- What to do: Your answer should hold the data exactly as given, minus any picture.
=== Section Start ===
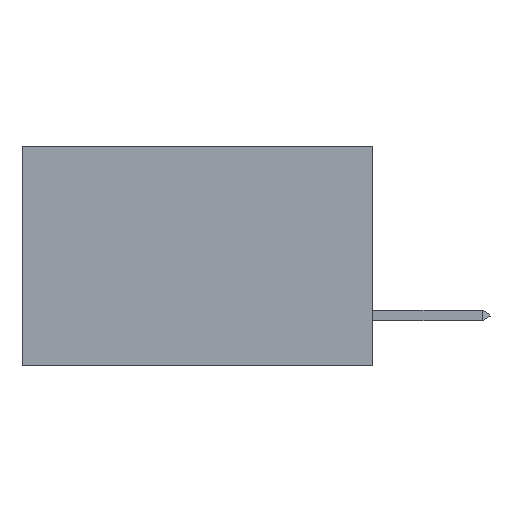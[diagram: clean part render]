
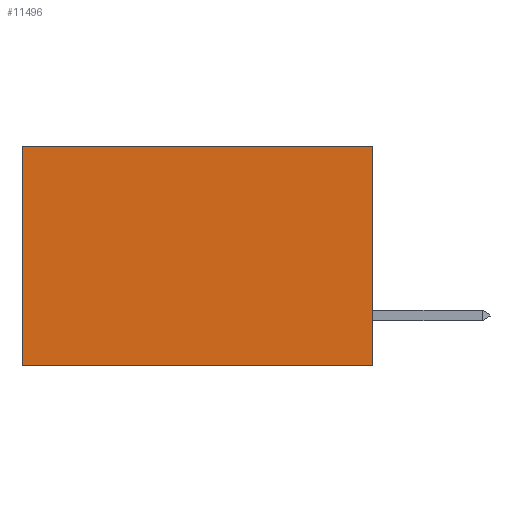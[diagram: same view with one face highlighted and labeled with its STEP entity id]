
A CAD part, left-side view. The second image highlights one B-rep face of the part: STEP entity #11496.
In plain terms, the highlighted planar face has unit normal (-1, 0, 0).
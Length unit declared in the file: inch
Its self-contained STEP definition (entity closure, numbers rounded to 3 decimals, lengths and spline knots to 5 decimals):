
#76 = AXIS2_PLACEMENT_3D ( 'NONE', #14964, #13218, #2590 ) ;
#1254 = LINE ( 'NONE', #20346, #4331 ) ;
#1723 = VERTEX_POINT ( 'NONE', #12296 ) ;
#2590 = DIRECTION ( 'NONE',  ( 0., 0., -1. ) ) ;
#3793 = EDGE_CURVE ( 'NONE', #22686, #13247, #7514, .T. ) ;
#3798 = ORIENTED_EDGE ( 'NONE', *, *, #6704, .F. ) ;
#4331 = VECTOR ( 'NONE', #20044, 39.37008 ) ;
#4746 = DIRECTION ( 'NONE',  ( 0., 0., -1. ) ) ;
#5466 = ORIENTED_EDGE ( 'NONE', *, *, #16273, .F. ) ;
#5954 = LINE ( 'NONE', #13620, #10140 ) ;
#6704 = EDGE_CURVE ( 'NONE', #22686, #11196, #1254, .T. ) ;
#7514 = LINE ( 'NONE', #10965, #16421 ) ;
#8448 = FACE_OUTER_BOUND ( 'NONE', #10245, .T. ) ;
#10140 = VECTOR ( 'NONE', #4746, 39.37008 ) ;
#10245 = EDGE_LOOP ( 'NONE', ( #18883, #5466, #3798, #20853 ) ) ;
#10877 = DIRECTION ( 'NONE',  ( 0., 1., 0. ) ) ;
#10965 = CARTESIAN_POINT ( 'NONE',  ( 0.277, 0., 0. ) ) ;
#11196 = VERTEX_POINT ( 'NONE', #15879 ) ;
#11496 = ADVANCED_FACE ( 'NONE', ( #8448 ), #20248, .F. ) ;
#12296 = CARTESIAN_POINT ( 'NONE',  ( 0.277, 0.59, -0.37 ) ) ;
#13218 = DIRECTION ( 'NONE',  ( 1., 0., 0. ) ) ;
#13247 = VERTEX_POINT ( 'NONE', #20896 ) ;
#13620 = CARTESIAN_POINT ( 'NONE',  ( 0.277, 0.59, -0.37 ) ) ;
#13774 = LINE ( 'NONE', #19373, #22583 ) ;
#14964 = CARTESIAN_POINT ( 'NONE',  ( 0.277, 0., -0.37 ) ) ;
#15221 = CARTESIAN_POINT ( 'NONE',  ( 0.277, 0., 0. ) ) ;
#15879 = CARTESIAN_POINT ( 'NONE',  ( 0.277, 0., -0.37 ) ) ;
#16273 = EDGE_CURVE ( 'NONE', #11196, #1723, #13774, .T. ) ;
#16421 = VECTOR ( 'NONE', #10877, 39.37008 ) ;
#18883 = ORIENTED_EDGE ( 'NONE', *, *, #21557, .T. ) ;
#19373 = CARTESIAN_POINT ( 'NONE',  ( 0.277, 0., -0.37 ) ) ;
#20044 = DIRECTION ( 'NONE',  ( 0., 0., -1. ) ) ;
#20248 = PLANE ( 'NONE',  #76 ) ;
#20346 = CARTESIAN_POINT ( 'NONE',  ( 0.277, 0., -0.37 ) ) ;
#20853 = ORIENTED_EDGE ( 'NONE', *, *, #3793, .T. ) ;
#20896 = CARTESIAN_POINT ( 'NONE',  ( 0.277, 0.59, 0. ) ) ;
#21118 = DIRECTION ( 'NONE',  ( 0., 1., 0. ) ) ;
#21557 = EDGE_CURVE ( 'NONE', #13247, #1723, #5954, .T. ) ;
#22583 = VECTOR ( 'NONE', #21118, 39.37008 ) ;
#22686 = VERTEX_POINT ( 'NONE', #15221 ) ;
=== Section End ===
- Result for this exercise:
[diagram: clean part render]
[diagram: same view with one face highlighted and labeled with its STEP entity id]
A CAD part, left-side view. The second image highlights one B-rep face of the part: STEP entity #11496.
In plain terms, the highlighted planar face has unit normal (-1, 0, 0).
Length unit declared in the file: inch
Its self-contained STEP definition (entity closure, numbers rounded to 3 decimals, lengths and spline knots to 5 decimals):
#76 = AXIS2_PLACEMENT_3D ( 'NONE', #14964, #13218, #2590 ) ;
#1254 = LINE ( 'NONE', #20346, #4331 ) ;
#1723 = VERTEX_POINT ( 'NONE', #12296 ) ;
#2590 = DIRECTION ( 'NONE',  ( 0., 0., -1. ) ) ;
#3793 = EDGE_CURVE ( 'NONE', #22686, #13247, #7514, .T. ) ;
#3798 = ORIENTED_EDGE ( 'NONE', *, *, #6704, .F. ) ;
#4331 = VECTOR ( 'NONE', #20044, 39.37008 ) ;
#4746 = DIRECTION ( 'NONE',  ( 0., 0., -1. ) ) ;
#5466 = ORIENTED_EDGE ( 'NONE', *, *, #16273, .F. ) ;
#5954 = LINE ( 'NONE', #13620, #10140 ) ;
#6704 = EDGE_CURVE ( 'NONE', #22686, #11196, #1254, .T. ) ;
#7514 = LINE ( 'NONE', #10965, #16421 ) ;
#8448 = FACE_OUTER_BOUND ( 'NONE', #10245, .T. ) ;
#10140 = VECTOR ( 'NONE', #4746, 39.37008 ) ;
#10245 = EDGE_LOOP ( 'NONE', ( #18883, #5466, #3798, #20853 ) ) ;
#10877 = DIRECTION ( 'NONE',  ( 0., 1., 0. ) ) ;
#10965 = CARTESIAN_POINT ( 'NONE',  ( 0.277, 0., 0. ) ) ;
#11196 = VERTEX_POINT ( 'NONE', #15879 ) ;
#11496 = ADVANCED_FACE ( 'NONE', ( #8448 ), #20248, .F. ) ;
#12296 = CARTESIAN_POINT ( 'NONE',  ( 0.277, 0.59, -0.37 ) ) ;
#13218 = DIRECTION ( 'NONE',  ( 1., 0., 0. ) ) ;
#13247 = VERTEX_POINT ( 'NONE', #20896 ) ;
#13620 = CARTESIAN_POINT ( 'NONE',  ( 0.277, 0.59, -0.37 ) ) ;
#13774 = LINE ( 'NONE', #19373, #22583 ) ;
#14964 = CARTESIAN_POINT ( 'NONE',  ( 0.277, 0., -0.37 ) ) ;
#15221 = CARTESIAN_POINT ( 'NONE',  ( 0.277, 0., 0. ) ) ;
#15879 = CARTESIAN_POINT ( 'NONE',  ( 0.277, 0., -0.37 ) ) ;
#16273 = EDGE_CURVE ( 'NONE', #11196, #1723, #13774, .T. ) ;
#16421 = VECTOR ( 'NONE', #10877, 39.37008 ) ;
#18883 = ORIENTED_EDGE ( 'NONE', *, *, #21557, .T. ) ;
#19373 = CARTESIAN_POINT ( 'NONE',  ( 0.277, 0., -0.37 ) ) ;
#20044 = DIRECTION ( 'NONE',  ( 0., 0., -1. ) ) ;
#20248 = PLANE ( 'NONE',  #76 ) ;
#20346 = CARTESIAN_POINT ( 'NONE',  ( 0.277, 0., -0.37 ) ) ;
#20853 = ORIENTED_EDGE ( 'NONE', *, *, #3793, .T. ) ;
#20896 = CARTESIAN_POINT ( 'NONE',  ( 0.277, 0.59, 0. ) ) ;
#21118 = DIRECTION ( 'NONE',  ( 0., 1., 0. ) ) ;
#21557 = EDGE_CURVE ( 'NONE', #13247, #1723, #5954, .T. ) ;
#22583 = VECTOR ( 'NONE', #21118, 39.37008 ) ;
#22686 = VERTEX_POINT ( 'NONE', #15221 ) ;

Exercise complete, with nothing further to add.